Effects of adjusting for instrumental variables on bias and precision of effect estimates

Abstract

Recent theoretical studies have shown that conditioning on an instrumental variable (IV), a variable that is associated with exposure but not associated with outcome except through exposure, can increase both bias and variance of exposure effect estimates. Although these findings have obvious implications in cases of known IVs, their meaning remains unclear in the more common scenario where investigators are uncertain whether a measured covariate meets the criteria for an IV or rather a confounder. The authors present results from two simulation studies designed to provide insight into the problem of conditioning on potential IVs in routine epidemiologic practice. The simulations explored the effects of conditioning on IVs, near-IVs (predictors of exposure that are weakly associated with outcome), and confounders on the bias and variance of a binary exposure effect estimate. The results indicate that effect estimates which are conditional on a perfect IV or near-IV may have larger bias and variance than the unconditional estimate. However, in most scenarios considered, the increases in error due to conditioning were small compared with the total estimation error. In these cases, minimizing unmeasured confounding should be the priority when selecting variables for adjustment, even at the risk of conditioning on IVs.

Figure 1.

Causal diagram showing an unmeasured confounder, U, and an instrumental variable, Z, of the exposure-outcome pair (X, Y).

Figure 2.

Estimated hazard ratios (HRs) for mortality (top) and hip fracture (bottom) in initiators of statin medication versus initiators of glaucoma medication (details in Appendix 2). The adjustment factors used for each estimate, including the potential instrumental variable (IV) glaucoma diagnosis, are shown on the left. The x-axis is presented on the log scale with tick marks unlogged. The approximate expected effects for mortality and hip fracture were hazard ratios of 0.85 and 1.01, respectively (25).

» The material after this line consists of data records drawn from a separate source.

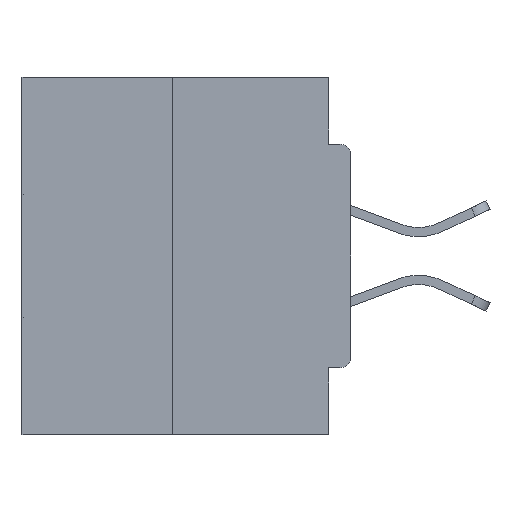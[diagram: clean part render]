
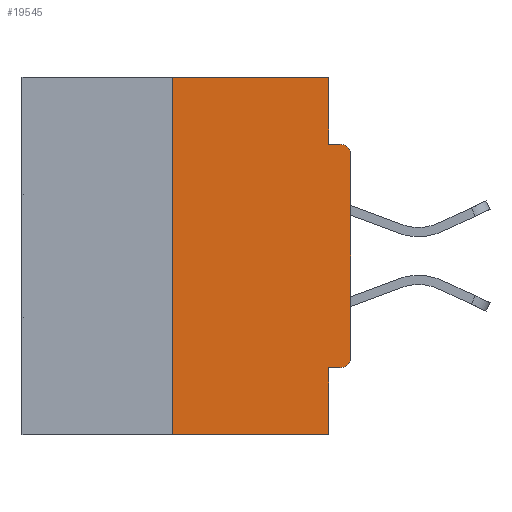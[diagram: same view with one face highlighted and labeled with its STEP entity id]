
A CAD part, left-side view. The second image highlights one B-rep face of the part: STEP entity #19545.
In plain terms, the highlighted planar face has unit normal (-1, 0, 0).
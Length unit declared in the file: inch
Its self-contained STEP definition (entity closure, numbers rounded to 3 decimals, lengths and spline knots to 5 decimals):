
#469 = ORIENTED_EDGE ( 'NONE', *, *, #26219, .F. ) ;
#533 = VERTEX_POINT ( 'NONE', #3077 ) ;
#884 = DIRECTION ( 'NONE',  ( 0., 0., -1. ) ) ;
#890 = CARTESIAN_POINT ( 'NONE',  ( 0., 0.015, -0.1085 ) ) ;
#971 = DIRECTION ( 'NONE',  ( 0., 0., 1. ) ) ;
#1227 = CARTESIAN_POINT ( 'NONE',  ( 0., 0.25, -0.5 ) ) ;
#1271 = EDGE_CURVE ( 'NONE', #8116, #19513, #32410, .T. ) ;
#1360 = DIRECTION ( 'NONE',  ( 0., 0., -1. ) ) ;
#1493 = CIRCLE ( 'NONE', #24641, 0.015 ) ;
#2162 = LINE ( 'NONE', #20102, #5097 ) ;
#2204 = CARTESIAN_POINT ( 'NONE',  ( 0., 0., -0.3915 ) ) ;
#2328 = EDGE_CURVE ( 'NONE', #23970, #8262, #15284, .T. ) ;
#2950 = EDGE_CURVE ( 'NONE', #16858, #23970, #2162, .T. ) ;
#3077 = CARTESIAN_POINT ( 'NONE',  ( 0., 0.015, -0.4065 ) ) ;
#3168 = CARTESIAN_POINT ( 'NONE',  ( 0., 0.031, -0.4065 ) ) ;
#4434 = DIRECTION ( 'NONE',  ( -1., 0., 0. ) ) ;
#4491 = CARTESIAN_POINT ( 'NONE',  ( 0., 0., -0.1085 ) ) ;
#4835 = CARTESIAN_POINT ( 'NONE',  ( 0., 0.46, -0.5 ) ) ;
#5097 = VECTOR ( 'NONE', #1360, 39.37008 ) ;
#5736 = VECTOR ( 'NONE', #14982, 39.37008 ) ;
#7021 = ORIENTED_EDGE ( 'NONE', *, *, #29406, .F. ) ;
#8116 = VERTEX_POINT ( 'NONE', #1227 ) ;
#8262 = VERTEX_POINT ( 'NONE', #39540 ) ;
#8276 = ORIENTED_EDGE ( 'NONE', *, *, #2950, .F. ) ;
#9131 = LINE ( 'NONE', #11896, #5736 ) ;
#9383 = VECTOR ( 'NONE', #29440, 39.37008 ) ;
#10651 = CARTESIAN_POINT ( 'NONE',  ( 0., 0.031, -0.0935 ) ) ;
#10821 = DIRECTION ( 'NONE',  ( 0., 0., -1. ) ) ;
#11006 = EDGE_CURVE ( 'NONE', #19321, #19513, #28625, .T. ) ;
#11223 = ORIENTED_EDGE ( 'NONE', *, *, #2328, .F. ) ;
#11368 = CARTESIAN_POINT ( 'NONE',  ( 0., 0., -0.4065 ) ) ;
#11896 = CARTESIAN_POINT ( 'NONE',  ( 0., 0.46, 0. ) ) ;
#13122 = VERTEX_POINT ( 'NONE', #4491 ) ;
#13579 = CARTESIAN_POINT ( 'NONE',  ( 0., 0., 0. ) ) ;
#13978 = EDGE_CURVE ( 'NONE', #533, #40058, #1493, .T. ) ;
#14262 = VECTOR ( 'NONE', #971, 39.37008 ) ;
#14323 = PLANE ( 'NONE',  #17723 ) ;
#14509 = FACE_OUTER_BOUND ( 'NONE', #15761, .T. ) ;
#14982 = DIRECTION ( 'NONE',  ( 0., -1., 0. ) ) ;
#15284 = LINE ( 'NONE', #26000, #24056 ) ;
#15411 = DIRECTION ( 'NONE',  ( 0., 0., 1. ) ) ;
#15761 = EDGE_LOOP ( 'NONE', ( #32065, #7021, #26879, #36369, #469, #40069, #37687, #37696, #11223, #8276 ) ) ;
#16469 = CIRCLE ( 'NONE', #32937, 0.015 ) ;
#16858 = VERTEX_POINT ( 'NONE', #19008 ) ;
#17579 = LINE ( 'NONE', #11368, #9383 ) ;
#17723 = AXIS2_PLACEMENT_3D ( 'NONE', #20220, #33061, #26685 ) ;
#19008 = CARTESIAN_POINT ( 'NONE',  ( 0., 0.031, 0. ) ) ;
#19321 = VERTEX_POINT ( 'NONE', #3168 ) ;
#19481 = CARTESIAN_POINT ( 'NONE',  ( 0., 0.015, -0.3915 ) ) ;
#19513 = VERTEX_POINT ( 'NONE', #32293 ) ;
#19545 = ADVANCED_FACE ( 'NONE', ( #14509 ), #14323, .F. ) ;
#20102 = CARTESIAN_POINT ( 'NONE',  ( 0., 0.031, 0. ) ) ;
#20220 = CARTESIAN_POINT ( 'NONE',  ( 0., 0.46, 0. ) ) ;
#20911 = CARTESIAN_POINT ( 'NONE',  ( 0., 0.25, 0. ) ) ;
#21807 = CARTESIAN_POINT ( 'NONE',  ( 0., 0.25, 0. ) ) ;
#22644 = VERTEX_POINT ( 'NONE', #20911 ) ;
#22785 = VECTOR ( 'NONE', #38166, 39.37008 ) ;
#23970 = VERTEX_POINT ( 'NONE', #10651 ) ;
#24056 = VECTOR ( 'NONE', #35745, 39.37008 ) ;
#24641 = AXIS2_PLACEMENT_3D ( 'NONE', #19481, #28734, #884 ) ;
#25116 = VECTOR ( 'NONE', #15411, 39.37008 ) ;
#26000 = CARTESIAN_POINT ( 'NONE',  ( 0., 0., -0.0935 ) ) ;
#26219 = EDGE_CURVE ( 'NONE', #533, #19321, #17579, .T. ) ;
#26517 = DIRECTION ( 'NONE',  ( 0., -1., 0. ) ) ;
#26685 = DIRECTION ( 'NONE',  ( 0., 0., -1. ) ) ;
#26879 = ORIENTED_EDGE ( 'NONE', *, *, #1271, .T. ) ;
#28594 = CARTESIAN_POINT ( 'NONE',  ( 0., 0.031, -0.5 ) ) ;
#28625 = LINE ( 'NONE', #28594, #22785 ) ;
#28734 = DIRECTION ( 'NONE',  ( -1., 0., 0. ) ) ;
#29406 = EDGE_CURVE ( 'NONE', #8116, #22644, #37242, .T. ) ;
#29440 = DIRECTION ( 'NONE',  ( 0., 1., 0. ) ) ;
#31182 = EDGE_CURVE ( 'NONE', #13122, #8262, #16469, .T. ) ;
#32065 = ORIENTED_EDGE ( 'NONE', *, *, #32363, .F. ) ;
#32293 = CARTESIAN_POINT ( 'NONE',  ( 0., 0.031, -0.5 ) ) ;
#32363 = EDGE_CURVE ( 'NONE', #22644, #16858, #9131, .T. ) ;
#32410 = LINE ( 'NONE', #4835, #37718 ) ;
#32746 = LINE ( 'NONE', #13579, #14262 ) ;
#32937 = AXIS2_PLACEMENT_3D ( 'NONE', #890, #4434, #10821 ) ;
#33061 = DIRECTION ( 'NONE',  ( 1., 0., 0. ) ) ;
#34104 = EDGE_CURVE ( 'NONE', #40058, #13122, #32746, .T. ) ;
#35745 = DIRECTION ( 'NONE',  ( 0., -1., 0. ) ) ;
#36369 = ORIENTED_EDGE ( 'NONE', *, *, #11006, .F. ) ;
#37242 = LINE ( 'NONE', #21807, #25116 ) ;
#37687 = ORIENTED_EDGE ( 'NONE', *, *, #34104, .T. ) ;
#37696 = ORIENTED_EDGE ( 'NONE', *, *, #31182, .T. ) ;
#37718 = VECTOR ( 'NONE', #26517, 39.37008 ) ;
#38166 = DIRECTION ( 'NONE',  ( 0., 0., -1. ) ) ;
#39540 = CARTESIAN_POINT ( 'NONE',  ( 0., 0.015, -0.0935 ) ) ;
#40058 = VERTEX_POINT ( 'NONE', #2204 ) ;
#40069 = ORIENTED_EDGE ( 'NONE', *, *, #13978, .T. ) ;

Horizontal bars, 95% confidence interval.

Figure 3.

Causal diagram showing the structure of the simulation studies. Depending on parameter values, the measured covariate Z may act as a confounder or as an instrumental variable for the exposure-outcome pair (X, Y).

Figure 4.

Bias (left panels) and standard error (right panels) of risk difference (RD) estimators with and without conditioning on Z. Each point represents one simulation scenario in the additive simulations with γ₁ = 0 (upper sections), γ₁ = 0.06 (middle sections), or γ₁ = 0.24 (lower sections). The symbols identify values of α₂ (○, zero; ▵, 0.06; +, 0.18; ×, 0.33). The solid diagonal line marks equality. Dashed lines mark the threshold for a 10% increase or decrease, and dotted lines mark a 20% increase or decrease.

Figure 5.

Standard error of exposure effect estimators obtained with and without conditioning on Z under a range of study sizes.

Figure 6.

Bias (left panels) and standard error (right panels) of risk ratio (RR) estimators with and without conditioning on Z. Each point represents one simulation scenario in the multiplicative simulations with γ₁ = 1 (upper sections), γ₁ = 1.2 (middle sections), or γ₁ = 1.8 (lower sections). The symbols identify values of α₂ (○, 1.0; ▵, 1.1); +, 1.3; ×, 1.8). The solid diagonal line marks equality. Dashed lines mark the threshold for a 10% increase or decrease, and dotted lines mark a 20% increase or decrease.